Emergence of cosmic space in Tsallis modified gravity from equilibrium and non-equilibrium thermodynamic perspective

TL;DR

This paper explores the emergence of cosmic space within Tsallis modified gravity, analyzing both equilibrium and non-equilibrium thermodynamic frameworks to understand universe expansion and entropy evolution.

Contribution

It derives the law of emergence from Tsallis entropy considering non-equilibrium thermodynamics, highlighting differences from the equilibrium case and implications for universe expansion.

Findings

Non-equilibrium thermodynamics modifies the law of emergence.

The non-equilibrium approach describes universe expansion via areal volume.

Entropy approaches a bounded value in the asymptotic future.

Abstract

In this paper, we obtain the law of emergence with Tsallis entropy from the thermodynamic laws.

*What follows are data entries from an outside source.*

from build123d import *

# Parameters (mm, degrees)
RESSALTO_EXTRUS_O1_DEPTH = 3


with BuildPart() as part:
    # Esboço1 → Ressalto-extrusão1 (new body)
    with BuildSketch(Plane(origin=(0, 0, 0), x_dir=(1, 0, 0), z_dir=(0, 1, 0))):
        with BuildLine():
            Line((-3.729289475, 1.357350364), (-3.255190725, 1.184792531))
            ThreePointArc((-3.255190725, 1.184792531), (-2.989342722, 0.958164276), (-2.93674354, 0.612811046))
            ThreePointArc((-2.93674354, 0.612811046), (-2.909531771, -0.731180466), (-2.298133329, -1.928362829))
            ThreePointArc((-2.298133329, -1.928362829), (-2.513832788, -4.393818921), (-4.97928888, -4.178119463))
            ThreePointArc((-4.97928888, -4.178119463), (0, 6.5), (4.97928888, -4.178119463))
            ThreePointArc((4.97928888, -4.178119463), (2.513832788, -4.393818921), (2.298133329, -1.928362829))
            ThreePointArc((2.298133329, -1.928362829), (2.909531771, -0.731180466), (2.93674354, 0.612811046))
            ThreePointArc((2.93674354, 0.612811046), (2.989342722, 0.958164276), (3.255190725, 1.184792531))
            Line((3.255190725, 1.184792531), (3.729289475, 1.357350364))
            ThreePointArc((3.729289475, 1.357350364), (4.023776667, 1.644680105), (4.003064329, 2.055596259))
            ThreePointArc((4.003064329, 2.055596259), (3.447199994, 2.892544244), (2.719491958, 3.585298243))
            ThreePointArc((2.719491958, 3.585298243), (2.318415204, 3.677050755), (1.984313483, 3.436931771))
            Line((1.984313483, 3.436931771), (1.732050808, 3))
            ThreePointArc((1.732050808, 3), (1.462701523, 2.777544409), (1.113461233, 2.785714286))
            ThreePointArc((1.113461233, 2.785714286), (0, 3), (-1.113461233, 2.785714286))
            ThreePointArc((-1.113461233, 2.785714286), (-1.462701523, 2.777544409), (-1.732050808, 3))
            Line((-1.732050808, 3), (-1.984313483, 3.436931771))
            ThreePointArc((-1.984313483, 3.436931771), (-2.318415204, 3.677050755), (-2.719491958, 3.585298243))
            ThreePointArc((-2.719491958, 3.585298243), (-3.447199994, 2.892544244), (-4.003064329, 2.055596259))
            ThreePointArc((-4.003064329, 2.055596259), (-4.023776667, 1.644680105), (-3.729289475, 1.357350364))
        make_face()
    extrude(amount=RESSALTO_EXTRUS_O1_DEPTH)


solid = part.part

We first derive the law of emergence from the equilibrium description of the unified first law and Clausius relation. However, it has been shown that considering Tsallis entropy as the horizon entropy, the Clausius relation $\delta Q=T dS$ does not hold due to non-equilibrium thermodynamics and is replaced by the entropy-balance relation $dS=\frac{\delta Q}{T}+d_{i}S$, where $d_iS$ is the additional entropy produced due to the irreversible thermodynamic process. Hence, we derive the law of emergence from the non-equilibrium description of thermodynamic laws. The comparison between the law of emergence in both cases shows that the law of emergence from the non-equilibrium approach describes the expansion of the universe in terms of the areal volume, unlike the effective volume in the equilibrium case. We have further shown that the law of emergence also satisfies the condition of the maximization of entropy for a de Sitter universe; thus, the entropy of the universe evolves to a bounded value in the asymptotic future.